I popped it open and right away a small problem arose, no flywheel!  That precludes the RCMC upgrade, no room for a flywheel!  So, to my secondary plan, use the Legacy BEMC back-EMF board instead.

This is the complete chassis, the two plugs go to the shell.

20230928_085421

Another problem with no flywheel, the BEMC uses a hall effect sensor on an axle to generate the chuffs.  I have a custom coded Chuff-Generator I use for BEMC, but it also needs a flywheel.  But wait!!!  There's a 2-lobe cam on the axle in the big hole over the first drivers.  I fabricated an aluminum bracket for a chuff switch and mounted it.  In a wonderful twist of fate, the BEMC has an odd behavior of it's hall effect sensor.  It toggles from positive to negative for a chuff, then for the next chuff from negative for positive.   By using all the contacts of the chuff switch, I had that exact behavior and generated 4-chuffs/rev in the process, perfect!

20230926_102121

I mounted the BEMC on an aluminum base with a tab folded up for a heatsink, and covered the base with Styrene to insulate the bottom of the PCB.

20230926_103721

The board assembly slips inside the boiler tube and screws to the convenient screws that were holding the CV power supply for lighting and the Seuthe smoke unit.  Naturally, I also included a fan driven smoke unit and LED headlight.

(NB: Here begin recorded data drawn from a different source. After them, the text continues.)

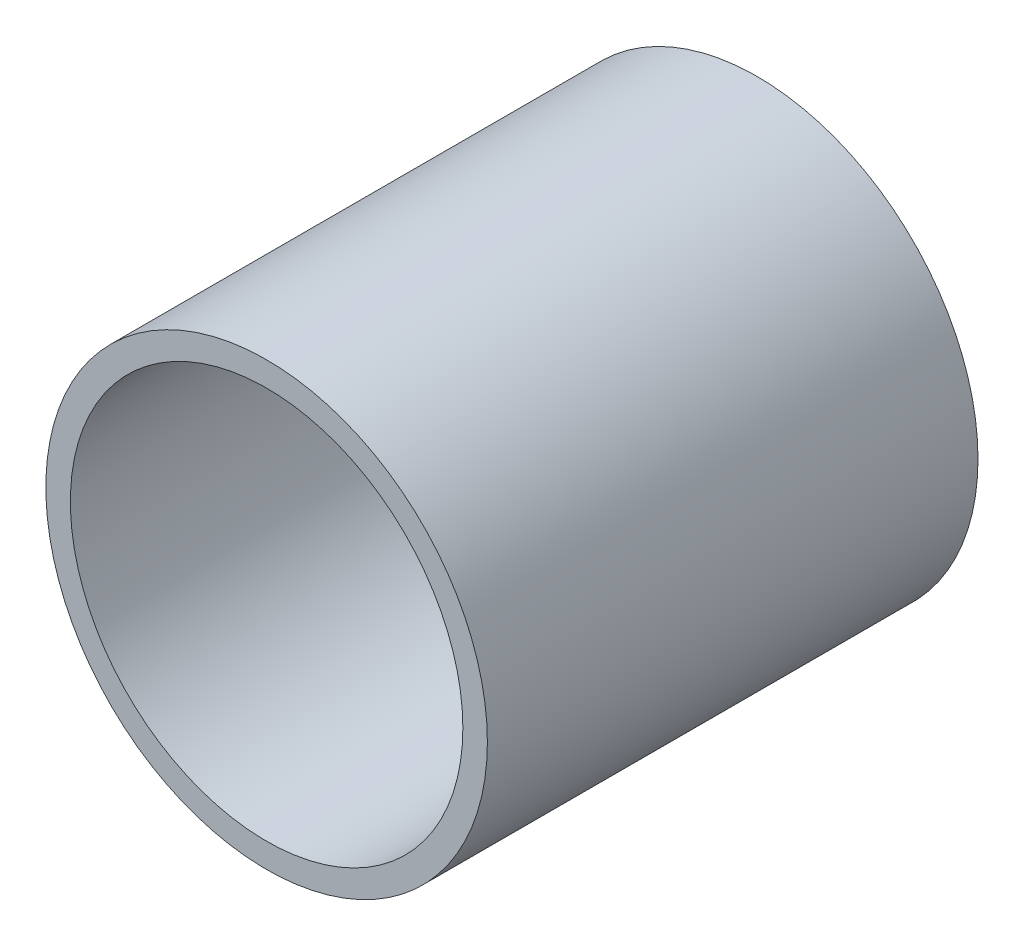
ISO-10303-21;
HEADER;
FILE_DESCRIPTION(('STEP AP214'),'2;1');
FILE_NAME('part.step','',(''),(''),'','','');
FILE_SCHEMA(('AUTOMOTIVE_DESIGN { 1 0 10303 214 1 1 1 1 }'));
ENDSEC;
DATA;
#1=APPLICATION_CONTEXT('core data for automotive mechanical design processes');
#2=APPLICATION_PROTOCOL_DEFINITION('international standard','automotive_design',2000,#1);
#3=PRODUCT_CONTEXT('',#1,'mechanical');
#4=PRODUCT('Part','Part','',(#3));
#5=PRODUCT_RELATED_PRODUCT_CATEGORY('part','',(#4));
#6=PRODUCT_DEFINITION_FORMATION('','',#4);
#7=PRODUCT_DEFINITION_CONTEXT('part definition',#1,'design');
#8=PRODUCT_DEFINITION('design','',#6,#7);
#9=PRODUCT_DEFINITION_SHAPE('','',#8);
#10=(LENGTH_UNIT() NAMED_UNIT(*) SI_UNIT(.MILLI.,.METRE.));
#11=(NAMED_UNIT(*) PLANE_ANGLE_UNIT() SI_UNIT($,.RADIAN.));
#12=(NAMED_UNIT(*) SI_UNIT($,.STERADIAN.) SOLID_ANGLE_UNIT());
#13=UNCERTAINTY_MEASURE_WITH_UNIT(LENGTH_MEASURE(1.E-05),#10,'distance_accuracy_value','');
#14=(GEOMETRIC_REPRESENTATION_CONTEXT(3) GLOBAL_UNCERTAINTY_ASSIGNED_CONTEXT((#13)) GLOBAL_UNIT_ASSIGNED_CONTEXT((#10,
#11,#12)) REPRESENTATION_CONTEXT('',''));
#15=CARTESIAN_POINT('',(0.,0.,0.));
#16=DIRECTION('',(0.,0.,1.));
#17=DIRECTION('',(1.,0.,0.));
#18=AXIS2_PLACEMENT_3D('',#15,#16,#17);
#19=CARTESIAN_POINT('',(0.,0.,127.));
#20=DIRECTION('',(0.,0.,1.));
#21=DIRECTION('',(1.,0.,0.));
#22=AXIS2_PLACEMENT_3D('',#19,#20,#21);
#23=PLANE('',#22);
#24=CARTESIAN_POINT('',(0.,0.,127.));
#25=DIRECTION('',(0.,0.,1.));
#26=DIRECTION('',(1.,0.,0.));
#27=AXIS2_PLACEMENT_3D('',#24,#25,#26);
#28=CIRCLE('',#27,57.15);
#29=CARTESIAN_POINT('',(57.15,0.,127.));
#30=VERTEX_POINT('',#29);
#31=EDGE_CURVE('E13',#30,#30,#28,.T.);
#32=ORIENTED_EDGE('',*,*,#31,.T.);
#33=EDGE_LOOP('',(#32));
#34=FACE_BOUND('',#33,.T.);
#35=CARTESIAN_POINT('',(0.,0.,127.));
#36=DIRECTION('',(0.,0.,1.));
#37=DIRECTION('',(1.,0.,0.));
#38=AXIS2_PLACEMENT_3D('',#35,#36,#37);
#39=CIRCLE('',#38,50.8);
#40=CARTESIAN_POINT('',(50.8,0.,127.));
#41=VERTEX_POINT('',#40);
#42=EDGE_CURVE('E57',#41,#41,#39,.T.);
#43=ORIENTED_EDGE('',*,*,#42,.F.);
#44=EDGE_LOOP('',(#43));
#45=FACE_BOUND('',#44,.T.);
#46=ADVANCED_FACE('F46',(#34,#45),#23,.T.);
#47=CARTESIAN_POINT('',(0.,0.,0.));
#48=DIRECTION('',(0.,0.,1.));
#49=DIRECTION('',(1.,0.,0.));
#50=AXIS2_PLACEMENT_3D('',#47,#48,#49);
#51=PLANE('',#50);
#52=CARTESIAN_POINT('',(0.,0.,0.));
#53=DIRECTION('',(0.,0.,1.));
#54=DIRECTION('',(1.,0.,0.));
#55=AXIS2_PLACEMENT_3D('',#52,#53,#54);
#56=CIRCLE('',#55,57.15);
#57=CARTESIAN_POINT('',(57.15,0.,0.));
#58=VERTEX_POINT('',#57);
#59=EDGE_CURVE('E50',#58,#58,#56,.T.);
#60=ORIENTED_EDGE('',*,*,#59,.F.);
#61=EDGE_LOOP('',(#60));
#62=FACE_BOUND('',#61,.T.);
#63=CARTESIAN_POINT('',(0.,0.,0.));
#64=DIRECTION('',(0.,0.,1.));
#65=DIRECTION('',(1.,0.,0.));
#66=AXIS2_PLACEMENT_3D('',#63,#64,#65);
#67=CIRCLE('',#66,50.8);
#68=CARTESIAN_POINT('',(50.8,0.,0.));
#69=VERTEX_POINT('',#68);
#70=EDGE_CURVE('E59',#69,#69,#67,.T.);
#71=ORIENTED_EDGE('',*,*,#70,.T.);
#72=EDGE_LOOP('',(#71));
#73=FACE_BOUND('',#72,.T.);
#74=ADVANCED_FACE('F69',(#62,#73),#51,.F.);
#75=CARTESIAN_POINT('',(0.,0.,127.));
#76=DIRECTION('',(0.,0.,-1.));
#77=DIRECTION('',(-1.,0.,0.));
#78=AXIS2_PLACEMENT_3D('',#75,#76,#77);
#79=CYLINDRICAL_SURFACE('',#78,57.15);
#80=ORIENTED_EDGE('',*,*,#31,.F.);
#81=EDGE_LOOP('',(#80));
#82=FACE_BOUND('',#81,.T.);
#83=ORIENTED_EDGE('',*,*,#59,.T.);
#84=EDGE_LOOP('',(#83));
#85=FACE_BOUND('',#84,.T.);
#86=ADVANCED_FACE('F48',(#82,#85),#79,.T.);
#87=CARTESIAN_POINT('',(0.,0.,127.));
#88=DIRECTION('',(0.,0.,-1.));
#89=DIRECTION('',(-1.,0.,0.));
#90=AXIS2_PLACEMENT_3D('',#87,#88,#89);
#91=CYLINDRICAL_SURFACE('',#90,50.8);
#92=ORIENTED_EDGE('',*,*,#42,.T.);
#93=EDGE_LOOP('',(#92));
#94=FACE_BOUND('',#93,.T.);
#95=ORIENTED_EDGE('',*,*,#70,.F.);
#96=EDGE_LOOP('',(#95));
#97=FACE_BOUND('',#96,.T.);
#98=ADVANCED_FACE('F65',(#94,#97),#91,.F.);
#99=CLOSED_SHELL('',(#46,#74,#86,#98));
#100=MANIFOLD_SOLID_BREP('B2',#99);
#101=ADVANCED_BREP_SHAPE_REPRESENTATION('',(#18,#100),#14);
#102=SHAPE_DEFINITION_REPRESENTATION(#9,#101);
ENDSEC;
END-ISO-10303-21;

Here's the shell complete with all the wiring done, the two connectors join to the chassis and the wires get tucked into the boiler tube.  I used a pair of LED's for the flickering firebox and another for the cab light.  Not shown is the aluminum duct tape covering the flickering firebox, I found that the LED's were leaking light down on the track.

20230929_145138

In an odd layout, I put the TMCC RCDR in the tender and not with the BEMC board where it normally goes.  That was due to the fact that there is no easy way to do an antenna on the locomotive.  Nothing detaches so I could insulate it for an antenna, many times you can use the pilot, not today.

Here's the tender with all the parts mounted.  In another odd twist, I didn't have to do anything special to create a TMCC antenna for the tender.  Apparently, the SGL locomotives are "TMCC Ready", because the tender shell was already insulated with a wire soldered to it for an antenna.  It was obviously a factory job because it was way too need even for a craftsman to have done.  The insulating gasket was obviously punched out to shape, and the screws were all insulated from the chassis with special washers..

20231001_182441

An oddity of having the RCDR in the tender is I had to send the serial data two ways!  I had to send it up to the BEMC in the locomotive, but since the chuff switch is in the locomotive and inputs directly into the BEMC, I had to send the composite serial data back to the tender, with out that link, I was missing the chuff!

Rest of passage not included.